Critical Energy Dissipation in a Binary Superfluid Gas by a Moving Magnetic Obstacle

We study the critical energy dissipation in an atomic superfluid gas with two symmetric spin components by an oscillating magnetic obstacle. Above a certain critical oscillation frequency, spin-wave excitations are generated by the magnetic obstacle, demonstrating the spin superfluid behavior of the system. When the obstacle is strong enough to cause density perturbations via local saturation of spin polarization, half-quantum vortices (HQVs) are created for higher oscillation frequencies, which reveals the characteristic evolution of critical dissipative dynamics from spin-wave emission to HQV shedding. Critical HQV shedding is further investigated using a pulsed linear motion of the obstacle, and we identify two critical velocities to create HQVs with different core magnetization.

Figure 1

Oscillating magnetic obstacle in a symmetric binary superfluid. (a) Schematic of the experiment. A focused near-resonant Gaussian laser beam, which provides a repulsive (attractive) potential for the spin–$\uparrow (\downarrow )$ component, undergoes sinusoidal oscillations along a linear path at the central region of the trapped sample. (b) Spin and mass density variations, $\mathrm{\Delta }{n}_s$ and $\mathrm{\Delta }n$, as functions of the obstacle strength $V_0$. For $V_0>V_c$, the spin polarization is saturated due to the density depletion of the spin–$\uparrow$ component.
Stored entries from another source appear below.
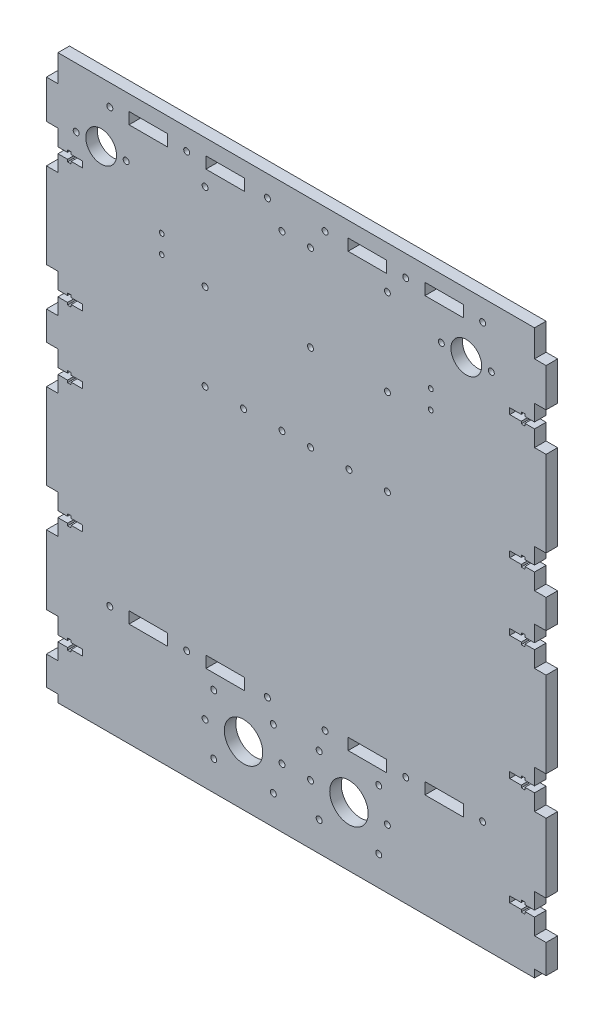
SolidWorks part; units mm, degrees
ref_plane "Front Plane" through (0, 0, 0) normal (0, 0, 1) x (1, 0, 0)
ref_plane "Top Plane" through (0, 0, 0) normal (0, 1, 0) x (1, 0, 0)
ref_plane "Right Plane" through (0, 0, 0) normal (1, 0, 0) x (0, 0, -1)
sketch "Sketch1" plane through (0, 0, 0) normal (0, 0, 1) x (1, 0, 0)
  line L1 (0, 0) -> (260, 0)
  line L2 (0, 0) -> (0, 270)
  line L3 (0, 270) -> (260, 270)
  line L4 (260, 0) -> (260, 270)
  dimension "D1" = 270
  dimension "D2" = 260
extrude "Boss-Extrude1" add sketch "Sketch1" along normal blind 6
sketch "Sketch2" plane through (0, 0, 0) normal (0, 0, -1) x (-1, 0, 0)
  line L0 (-130, 270) -> (-130, 0) construction
  line L1 (-217, 56) -> (-197, 56)
  line L2 (-217, 56) -> (-217, 50)
  line L3 (-217, 50) -> (-197, 50)
  line L4 (-197, 56) -> (-197, 50)
  line L5 (-177, 56) -> (-157, 56)
  line L6 (-177, 56) -> (-177, 50)
  line L7 (-177, 50) -> (-157, 50)
  line L8 (-157, 56) -> (-157, 50)
  line L9 (-260, 270) -> (0, 270) construction
  line L10 (0, 0) -> (-260, 0) construction
  line L11 (-260, 0) -> (-260, 270) construction
  line L12 (-217, 53) -> (-157, 53) construction
  line L13 (-130, 0) -> (-130, -73.8705) construction
  line L14 (-130, -73.8705) -> (-130, -196.098) construction
  line L16 (-220, 0) -> (-40, 0)
  line L17 (-83, 50) -> (-103, 50)
  line L18 (-103, 56) -> (-103, 50)
  line L19 (-83, 56) -> (-103, 56)
  line L20 (-83, 56) -> (-83, 50)
  line L21 (-43, 50) -> (-63, 50)
  line L22 (-63, 56) -> (-63, 50)
  line L23 (-43, 56) -> (-63, 56)
  line L24 (-43, 56) -> (-43, 50)
  arc A0 (-220, 0) -> (-40, 0) centre (-130, -400) cw
  point P23 (-130, 10)
  point P26 (-130, 10)
  dimension "D9" = 40
  dimension "D1" = 43
  dimension "D2" = 20
  dimension "D3" = 20
  dimension "D4" = 20
  dimension "D5" = 6
  dimension "D6" = 6
  dimension "D7" = 50
  dimension "D8" = 3
  dimension "D12" = 10
extrude "Cut-Extrude1" cut sketch "Sketch2" against normal blind 6
sketch "Sketch3" plane through (0, 0, 0) normal (0, 0, -1) x (-1, 0, 0)
  line L2 (-260, 255) -> (-260, 235)
  line L4 (-254, 255) -> (-254, 235)
  line L5 (-197, 56) -> (-217, 56) construction
  line L6 (-260, 255) -> (-254, 255)
  line L7 (-260, 255) -> (-260, 235)
  line L8 (-260, 235) -> (-254, 235)
  line L9 (-254, 255) -> (-254, 235)
  line L10 (-260, 190.5) -> (-254, 190.5)
  line L11 (-260, 190.5) -> (-260, 170.5)
  line L12 (-260, 170.5) -> (-254, 170.5)
  line L13 (-254, 190.5) -> (-254, 170.5)
  line L14 (-254, 155.5) -> (-260, 155.5)
  line L15 (-254, 155.5) -> (-254, 135.5)
  line L16 (-254, 135.5) -> (-260, 135.5)
  line L17 (-260, 155.5) -> (-260, 135.5)
  line L18 (-260, 91) -> (-254, 91)
  line L19 (-260, 91) -> (-260, 71)
  line L20 (-260, 71) -> (-254, 71)
  line L21 (-254, 91) -> (-254, 71)
  line L22 (-260, 35) -> (-254, 35)
  line L23 (-260, 35) -> (-260, 15)
  line L24 (-260, 15) -> (-254, 15)
  line L25 (-254, 35) -> (-254, 15)
  line L27 (-254, 190.5) -> (-254, 170.5)
  line L28 (-260, 190.5) -> (-260, 170.5)
  line L29 (-260, 155.5) -> (-260, 135.5)
  line L30 (-254, 155.5) -> (-254, 135.5)
  line L31 (-254, 91) -> (-254, 71)
  line L32 (-260, 91) -> (-260, 71)
  line L33 (-260, 35) -> (-260, 15)
  line L34 (-254, 35) -> (-254, 15)
  line L35 (-254, 270) -> (-254, 0) construction
  line L36 (-260, 270) -> (0, 270) construction
  line L37 (-220, 0) -> (-260, 0) construction
  line L38 (-260, 0) -> (-260, 270) construction
  line L39 (-130, 270) -> (-130, 0) construction
  line L40 (0, 15) -> (-6, 15)
  line L41 (-6, 35) -> (-6, 15)
  line L42 (0, 35) -> (-6, 35)
  line L43 (0, 35) -> (0, 15)
  line L44 (0, 71) -> (-6, 71)
  line L45 (-6, 91) -> (-6, 71)
  line L46 (0, 91) -> (-6, 91)
  line L47 (0, 91) -> (0, 71)
  line L48 (-6, 135.5) -> (0, 135.5)
  line L49 (0, 155.5) -> (0, 135.5)
  line L50 (-6, 155.5) -> (0, 155.5)
  line L51 (-6, 155.5) -> (-6, 135.5)
  line L52 (0, 170.5) -> (-6, 170.5)
  line L53 (-6, 190.5) -> (-6, 170.5)
  line L54 (0, 190.5) -> (-6, 190.5)
  line L55 (0, 190.5) -> (0, 170.5)
  line L56 (0, 235) -> (-6, 235)
  line L57 (-6, 255) -> (-6, 235)
  line L58 (0, 255) -> (-6, 255)
  line L59 (0, 255) -> (0, 235)
  point P27 (-257, 170.5)
  point P28 (-257, 155.5)
  point P29 (-257, 71)
  line M33 (0, 0) -> (0, 270)
  line M35 (-260, 270) -> (-260, 0)
  dimension "D1" = 6
  dimension "D2" = 20
  dimension "D3" = 20
  dimension "D4" = 20
  dimension "D5" = 20
  dimension "D6" = 20
  dimension "D7" = 6
  dimension "D8" = 15
  dimension "D9" = 44.5
  dimension "D10" = 15
  dimension "D11" = 44.5
extrude "Cut-Extrude2" cut sketch "Sketch3" against normal blind 10 contours L8 L4 L6 M35 | L13 L10 L12 M35 | L16 L15 L14 M35 | L21 L18 L20 M35 | L25 L22 L24 M35 | L42 L41 L40 M33 | L50 L51 L48 M33 | L54 L53 L52 M33 | L58 L57 L56 M33 | L47 L44 L45 L46
sketch "Sketch4" plane through (0, 0, 6) normal (0, 0, 1) x (1, 0, 0)
  line L0 (130, 270) -> (130, 0) construction
  line L1 (260, 270) -> (0, 270) construction
  line L2 (0, 270) -> (0, 255) construction
  line L3 (260, 270) -> (0, 270) construction
  circle A0 centre (28.5, 258) radius 8
  circle A2 centre (218.5, 258) radius 8
  dimension "D1" = 16
  dimension "D4" = 16
  dimension "D2" = 12
  dimension "D3" = 28.5
  dimension "D5" = 190
  dimension "D6" = 12
extrude "Cut-Extrude3" cut sketch "Sketch4" against normal blind 10
sketch "Sketch5" plane through (0, 0, 6) normal (0, 0, 1) x (1, 0, 0)
  line L0 (28.5, 266) -> (28.5, 250) construction
  line L1 (15.5, 258) -> (28.5, 258) construction
  line L2 (130, 270) -> (130, 307.8731) construction
  line L3 (260, 270) -> (0, 270) construction
  line L4 (205.5, 258) -> (231.5, 258) construction
  circle A0 centre (28.5, 258) radius 8 construction
  circle A1 centre (28.5, 258) radius 8
  circle A2 centre (15.5, 258) radius 1.55
  circle A3 centre (41.5, 258) radius 1.55
  circle A7 centre (218.5, 258) radius 8 construction
  circle A8 centre (218.5, 258) radius 8
  circle A9 centre (205.5, 258) radius 1.55
  circle A10 centre (231.5, 258) radius 1.55
  dimension "D2" = 3.1
  dimension "D3" = 3.1
  dimension "D4" = 13
  dimension "D7" = 3.1
  dimension "D1" = 13
  dimension "D5" = 13
  dimension "D6" = 13
extrude "Cut-Extrude4" cut sketch "Sketch5" against normal blind 6
sketch "Sketch6" plane through (0, 270, 0) normal (0, 1, 0) x (1, 0, 0)
  line L4 (260, 0) -> (0, 0)
  line L5 (0, 0) -> (0, -6)
  line L6 (0, -6) -> (260, -6)
  line L7 (260, -6) -> (260, 0)
  line L8 (260, 0) -> (0, 0)
  line L9 (0, 0) -> (0, -6)
  line L10 (0, -6) -> (260, -6)
  line L11 (260, -6) -> (260, 0)
  dimension "D1" = 0
extrude "Boss-Extrude2" add sketch "Sketch6" along normal blind 5
sketch "Sketch8" plane through (0, 0, 6) normal (0, 0, 1) x (1, 0, 0)
  line L0 (130, 137.5) -> (99.5396, 137.5) construction
  line L1 (0, 275) -> (260, 275) construction
  line L2 (0, 163) -> (24.6988, 163) construction
  line L3 (12.9, 243.45) -> (12.9, 242.25)
  line L4 (0, 170.5) -> (0, 155.5) construction
  line L5 (12.9, 243.45) -> (18.9, 243.45)
  line L6 (0, 113.25) -> (22.1113, 113.25) construction
  line L7 (0, 135.5) -> (0, 91) construction
  line L8 (0, 53) -> (19.2315, 53) construction
  line L9 (0, 71) -> (0, 35) construction
  line L34 (130, 275) -> (130, 0) construction
  line L35 (0, 212.75) -> (26.3273, 212.75) construction
  line L36 (0, 235) -> (0, 190.5) construction
  line L37 (6, 255) -> (6, 235) construction
  line L38 (6, 246.55) -> (11, 246.55)
  line L39 (6, 246.55) -> (6, 243.45)
  line L40 (6, 243.45) -> (11, 243.45)
  line L41 (18.9, 246.55) -> (18.9, 243.45)
  line L42 (6, 245) -> (35.7835, 245) construction
  line L43 (12.9, 246.55) -> (18.9, 246.55)
  line L44 (0, 255) -> (6, 255) construction
  line L45 (11, 243.45) -> (11, 242.25)
  line L46 (11, 247.75) -> (12.9, 247.75)
  line L47 (11, 247.75) -> (11, 246.55)
  line L48 (11, 242.25) -> (12.9, 242.25)
  line L49 (12.9, 247.75) -> (12.9, 246.55)
  line L50 (12.9, 177.75) -> (12.9, 178.95)
  line L51 (11, 183.25) -> (12.9, 183.25)
  line L52 (11, 177.75) -> (11, 178.95)
  line L53 (11, 177.75) -> (12.9, 177.75)
  line L54 (11, 182.05) -> (11, 183.25)
  line L55 (12.9, 178.95) -> (18.9, 178.95)
  line L56 (18.9, 178.95) -> (18.9, 182.05)
  line L57 (6, 182.05) -> (11, 182.05)
  line L58 (6, 178.95) -> (6, 182.05)
  line L59 (6, 178.95) -> (11, 178.95)
  line L60 (12.9, 182.05) -> (18.9, 182.05)
  line L61 (12.9, 182.05) -> (12.9, 183.25)
  line L62 (12.9, 143.95) -> (12.9, 142.75)
  line L63 (12.9, 143.95) -> (18.9, 143.95)
  line L64 (6, 147.05) -> (11, 147.05)
  line L65 (6, 147.05) -> (6, 143.95)
  line L66 (6, 143.95) -> (11, 143.95)
  line L67 (18.9, 147.05) -> (18.9, 143.95)
  line L68 (12.9, 147.05) -> (18.9, 147.05)
  line L69 (11, 143.95) -> (11, 142.75)
  line L70 (11, 148.25) -> (12.9, 148.25)
  line L71 (11, 148.25) -> (11, 147.05)
  line L72 (11, 142.75) -> (12.9, 142.75)
  line L73 (12.9, 148.25) -> (12.9, 147.05)
  line L74 (12.9, 78.25) -> (12.9, 79.45)
  line L75 (11, 83.75) -> (12.9, 83.75)
  line L76 (11, 78.25) -> (11, 79.45)
  line L77 (11, 78.25) -> (12.9, 78.25)
  line L78 (11, 82.55) -> (11, 83.75)
  line L79 (12.9, 79.45) -> (18.9, 79.45)
  line L80 (18.9, 79.45) -> (18.9, 82.55)
  line L81 (6, 82.55) -> (11, 82.55)
  line L82 (6, 79.45) -> (6, 82.55)
  line L83 (6, 79.45) -> (11, 79.45)
  line L84 (12.9, 82.55) -> (18.9, 82.55)
  line L85 (12.9, 82.55) -> (12.9, 83.75)
  line L86 (12.9, 23.45) -> (12.9, 22.25)
  line L87 (12.9, 23.45) -> (18.9, 23.45)
  line L88 (6, 26.55) -> (11, 26.55)
  line L89 (6, 26.55) -> (6, 23.45)
  line L90 (6, 23.45) -> (11, 23.45)
  line L91 (18.9, 26.55) -> (18.9, 23.45)
  line L92 (12.9, 26.55) -> (18.9, 26.55)
  line L93 (11, 23.45) -> (11, 22.25)
  line L94 (11, 27.75) -> (12.9, 27.75)
  line L95 (11, 27.75) -> (11, 26.55)
  line L96 (11, 22.25) -> (12.9, 22.25)
  line L97 (12.9, 27.75) -> (12.9, 26.55)
  line L98 (254, 245) -> (224.2165, 245) construction
  line L99 (260, 212.75) -> (233.6727, 212.75) construction
  line L100 (260, 53) -> (240.7685, 53) construction
  line L101 (260, 113.25) -> (237.8887, 113.25) construction
  line L102 (260, 163) -> (235.3012, 163) construction
  line L103 (247.1, 27.75) -> (247.1, 26.55)
  line L104 (249, 22.25) -> (247.1, 22.25)
  line L105 (249, 27.75) -> (249, 26.55)
  line L106 (249, 27.75) -> (247.1, 27.75)
  line L107 (249, 23.45) -> (249, 22.25)
  line L108 (247.1, 26.55) -> (241.1, 26.55)
  line L109 (241.1, 26.55) -> (241.1, 23.45)
  line L110 (254, 23.45) -> (249, 23.45)
  line L111 (254, 26.55) -> (254, 23.45)
  line L112 (254, 26.55) -> (249, 26.55)
  line L113 (247.1, 23.45) -> (241.1, 23.45)
  line L114 (247.1, 23.45) -> (247.1, 22.25)
  line L115 (247.1, 82.55) -> (247.1, 83.75)
  line L116 (247.1, 82.55) -> (241.1, 82.55)
  line L117 (254, 79.45) -> (249, 79.45)
  line L118 (254, 79.45) -> (254, 82.55)
  line L119 (254, 82.55) -> (249, 82.55)
  line L120 (241.1, 79.45) -> (241.1, 82.55)
  line L121 (247.1, 79.45) -> (241.1, 79.45)
  line L122 (249, 82.55) -> (249, 83.75)
  line L123 (249, 78.25) -> (247.1, 78.25)
  line L124 (249, 78.25) -> (249, 79.45)
  line L125 (249, 83.75) -> (247.1, 83.75)
  line L126 (247.1, 78.25) -> (247.1, 79.45)
  line L127 (247.1, 148.25) -> (247.1, 147.05)
  line L128 (249, 142.75) -> (247.1, 142.75)
  line L129 (249, 148.25) -> (249, 147.05)
  line L130 (249, 148.25) -> (247.1, 148.25)
  line L131 (249, 143.95) -> (249, 142.75)
  line L132 (247.1, 147.05) -> (241.1, 147.05)
  line L133 (241.1, 147.05) -> (241.1, 143.95)
  line L134 (254, 143.95) -> (249, 143.95)
  line L135 (254, 147.05) -> (254, 143.95)
  line L136 (254, 147.05) -> (249, 147.05)
  line L137 (247.1, 143.95) -> (241.1, 143.95)
  line L138 (247.1, 143.95) -> (247.1, 142.75)
  line L139 (247.1, 182.05) -> (247.1, 183.25)
  line L140 (247.1, 182.05) -> (241.1, 182.05)
  line L141 (254, 178.95) -> (249, 178.95)
  line L142 (254, 178.95) -> (254, 182.05)
  line L143 (254, 182.05) -> (249, 182.05)
  line L144 (241.1, 178.95) -> (241.1, 182.05)
  line L145 (247.1, 178.95) -> (241.1, 178.95)
  line L146 (249, 182.05) -> (249, 183.25)
  line L147 (249, 177.75) -> (247.1, 177.75)
  line L148 (249, 177.75) -> (249, 178.95)
  line L149 (249, 183.25) -> (247.1, 183.25)
  line L150 (247.1, 177.75) -> (247.1, 178.95)
  line L151 (247.1, 247.75) -> (247.1, 246.55)
  line L152 (249, 242.25) -> (247.1, 242.25)
  line L153 (249, 247.75) -> (249, 246.55)
  line L154 (249, 247.75) -> (247.1, 247.75)
  line L155 (249, 243.45) -> (249, 242.25)
  line L156 (247.1, 246.55) -> (241.1, 246.55)
  line L157 (241.1, 246.55) -> (241.1, 243.45)
  line L158 (254, 243.45) -> (249, 243.45)
  line L159 (254, 246.55) -> (254, 243.45)
  line L160 (254, 246.55) -> (249, 246.55)
  line L161 (247.1, 243.45) -> (241.1, 243.45)
  line L162 (247.1, 243.45) -> (247.1, 242.25)
  dimension "D1" = 10
  dimension "D2" = 1.55
  dimension "D3" = 12.9
  dimension "D4" = 6
  dimension "D5" = 5
  dimension "D6" = 5.5
  dimension "D7" = 2.75
extrude "Cut-Extrude6" cut sketch "Sketch8" against normal blind 10
sketch "Sketch9" plane through (0, 0, 6) normal (0, 0, 1) x (1, 0, 0)
  line L0 (0, 53) -> (260, 53) construction
  line L1 (0, 71) -> (0, 35) construction
  line L2 (260, 35) -> (260, 71) construction
  line L3 (130, 53) -> (130, 64.3337) construction
  line L4 (43, 50) -> (43, 56) construction
  line L5 (63, 56) -> (63, 50) construction
  circle A0 centre (33, 53) radius 1.55
  circle A1 centre (73, 53) radius 1.55
  circle A2 centre (115, 53) radius 1.55
  circle A3 centre (145, 53) radius 1.55
  circle A4 centre (187, 53) radius 1.55
  circle A5 centre (227, 53) radius 1.55
  dimension "D1" = 3.1
  dimension "D2" = 15
  dimension "D3" = 3.1
  dimension "D4" = 3.1
  dimension "D5" = 10
  dimension "D6" = 10
extrude "Cut-Extrude7" cut sketch "Sketch9" against normal blind 10
sketch "Sketch11" plane through (0, 0, 0) normal (0, 0, 1) x (1, 0, 0)
  line L0 (157.4295, 5) -> (157.4295, 275) construction
  line L1 (157.4295, 5) -> (200, 5) construction
  line L2 (177.4295, 176.8379) -> (177.4295, 178.3879) construction
  line L3 (157.4295, 275) -> (200, 275) construction
  line L4 (157.4295, 176.8379) -> (157.4295, 178.55) construction
  line L5 (200, 5) -> (200, 275) construction
  line L6 (177.4295, 220.2879) -> (177.4295, 223.3879) construction
  line L7 (0, 275) -> (260, 275) construction
  line L8 (177.4302, 26.8379) -> (137.4288, 26.8379) construction
  line L10 (260, 35) -> (260, 71) construction
  line L12 (137.4295, 220.2879) -> (137.4295, 223.3879) construction
  line L13 (137.4295, 176.8379) -> (137.4295, 178.3879) construction
  line L14 (130, 275) -> (130, 282.4006) construction
  line L15 (260, 275) -> (0, 275) construction
  line L16 (122.5705, 176.8379) -> (122.5705, 178.3879) construction
  line L17 (122.5705, 220.2879) -> (122.5705, 223.3879) construction
  line L18 (82.5698, 26.8379) -> (122.5712, 26.8379) construction
  line L19 (82.5705, 220.2879) -> (82.5705, 223.3879) construction
  line L20 (60, 5) -> (60, 275) construction
  line L21 (102.5705, 176.8379) -> (102.5705, 178.55) construction
  line L22 (102.5705, 275) -> (60, 275) construction
  line L23 (82.5705, 176.8379) -> (82.5705, 178.3879) construction
  line L24 (102.5705, 5) -> (60, 5) construction
  line L25 (102.5705, 5) -> (102.5705, 275) construction
  line L26 (260, 255) -> (260, 275) construction
  circle A0 centre (177.4295, 221.8379) radius 1.55
  circle A1 centre (177.4295, 266.8379) radius 1.55
  circle A6 centre (157.4295, 26.8379) radius 10
  circle A7 centre (137.4288, 26.8379) radius 1.55
  circle A8 centre (141.9302, 42.3379) radius 1.55
  circle A9 centre (141.9302, 11.3379) radius 1.55
  circle A10 centre (172.9288, 11.3379) radius 1.55
  circle A14 centre (172.9288, 42.3379) radius 1.55
  circle A15 centre (177.4302, 26.8379) radius 1.55
  circle A17 centre (177.4295, 176.8379) radius 1.55
  circle A18 centre (157.4295, 176.8379) radius 1.55
  circle A20 centre (137.4295, 176.8379) radius 1.55
  circle A21 centre (137.4295, 266.8379) radius 1.55
  circle A22 centre (137.4295, 221.8379) radius 1.55
  circle A37 centre (122.5705, 221.8379) radius 1.55
  circle A38 centre (122.5705, 266.8379) radius 1.55
  circle A39 centre (122.5705, 176.8379) radius 1.55
  circle A40 centre (102.5705, 176.8379) radius 1.55
  circle A41 centre (82.5705, 176.8379) radius 1.55
  circle A42 centre (82.5698, 26.8379) radius 1.55
  circle A43 centre (87.0712, 42.3379) radius 1.55
  circle A44 centre (87.0712, 11.3379) radius 1.55
  circle A45 centre (118.0698, 11.3379) radius 1.55
  circle A46 centre (118.0698, 42.3379) radius 1.55
  circle A47 centre (122.5712, 26.8379) radius 1.55
  circle A48 centre (102.5705, 26.8379) radius 10
  circle A49 centre (82.5705, 266.8379) radius 1.55
  circle A50 centre (82.5705, 221.8379) radius 1.55
  dimension "D3" = 3.1
  dimension "D4" = 3.1
  dimension "D5" = 102.5705
  dimension "D6" = 20
  dimension "D7" = 270
  dimension "D8" = 40
  dimension "D9" = 31
  dimension "D10" = 8.1621
  dimension "D11" = 3.1
  dimension "D12" = 3.1
  dimension "D13" = 3.1
  dimension "D14" = 40.0013
  dimension "D15" = 15.4993
  dimension "D16" = 15.5
  dimension "D17" = 15.4993
  dimension "D18" = 60
  dimension "D21" = 45
  dimension "D23" = 3.1
  dimension "D28" = 3.1
  dimension "D19" = 150
  dimension "D22" = 45
  dimension "D20" = 20
sketch "Sketch12" plane through (0, 0, 0) normal (0, 0, 1) x (1, 0, 0)
  line L0 (130, 270) -> (130, 0) construction
  line L13 (130, 0) -> (130, -73.8705) construction
  line L14 (130, -73.8705) -> (130, -196.098) construction
  line L16 (40, 0) -> (220, 0)
  arc A0 (40, 0) -> (220, 0) centre (130, -400) cw
  point P23 (130, 10)
  point P26 (130, 10)
extrude "Boss-Extrude3" add sketch "Sketch12" along normal blind 6
extrude "Cut-Extrude9" cut sketch "Sketch11" along normal blind 10 contours A6 | A48
sketch "Sketch13" plane through (0, 275, 0) normal (0, 1, 0) x (1, 0, 0)
  line L0 (6, -6) -> (6, 0)
  line L1 (254, 0) -> (254, -6)
  line L2 (0, 0) -> (0, -6) construction
  line L4 (260, -6) -> (260, 0)
  line L5 (260, 0) -> (0, 0)
  line L6 (0, 0) -> (0, -6)
  line L7 (0, -6) -> (260, -6)
  line L9 (254, 0) -> (6, 0)
  line L11 (6, -6) -> (254, -6)
  dimension "D2" = 6
  dimension "D1" = 0
extrude "Boss-Extrude4" add sketch "Sketch13" along normal blind 14
sketch "Sketch14" plane through (0, 0, 0) normal (0, -1, 0) x (1, 0, 0)
  line L0 (6, 6) -> (6, 0)
  line L1 (254, 6) -> (254, 0)
  line L4 (0, 0) -> (260, 0)
  line L5 (260, 0) -> (260, 6)
  line L6 (260, 6) -> (0, 6)
  line L7 (0, 6) -> (0, 0)
  line L8 (6, 0) -> (254, 0)
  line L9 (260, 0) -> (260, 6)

Insets: the representative density profiles of the spin–$\uparrow$ (yellow solid) and spin–$\downarrow$ (green dashed) components for weak (left) and strong obstacles (right).

Figure 2

Generation of spin excitations in a spinor BEC by an oscillating magnetic obstacle. Magnetization ($M_z$) images of the condensate stirred with an obstacle of $V_0/V_c\approx 0.9$ [(a)–(d)] and $\approx 2.2$ [(e)–(h)] for various oscillation frequencies $f$. The images were obtained after a 19-ms time of flight. Fully magnetized pointlike domains in (g) and (h) indicate HQVs with ferromagnetic cores. (i)–(l) Images of the spin–$\uparrow$ component for the same stirring conditions in (e)–(h), taken after Stern-Gerlach spin separation. The HQVs are distinguishable as density-depleted holes in (k) and (l).

Figure 3

Critical energy dissipation in the binary superfluid. Magnetization variance ${\sigma }_M$ as a function of the oscillation frequency $f$ for the weak (red circles) and strong (blue squares) obstacles. At the top axis, $v_{\max }$ denotes the maximum speed of the oscillating obstacle. ${\sigma }_M$ was measured from the area of $157\times 106\mu {\mathrm{m}}^2$ at the central region of the condensate. Each data point is the mean value of five to seven measurements of the same experiment, and its error bar represents their standard deviation. Inset: an expanded view on the boxed region at low $f$.

Figure 4

Critical HQV shedding. (a) Magnetization images of the condensate after a linear sweep of the strong obstacle for various obstacles’ moving velocity $v$. (b) Occurrence probabilities for spin–$\downarrow$-core HQV (red squares), spin–$\uparrow$-core HQV (blue triangles), and either of them (black circles) as functions of $v$. The probabilities for each $v$ were obtained from 14 to 18 measurements of the same experiment. The solid lines denote a guide for the eyes to each data set based on the sigmoid functions. (c) Examples of the magnetization images for $v=1.4\mathrm{mm}/\mathrm{s}$. Only spin–$\uparrow$-core HQVs appear. The two images on the right side are the images of the spin–$\uparrow$ component for the same stirring condition.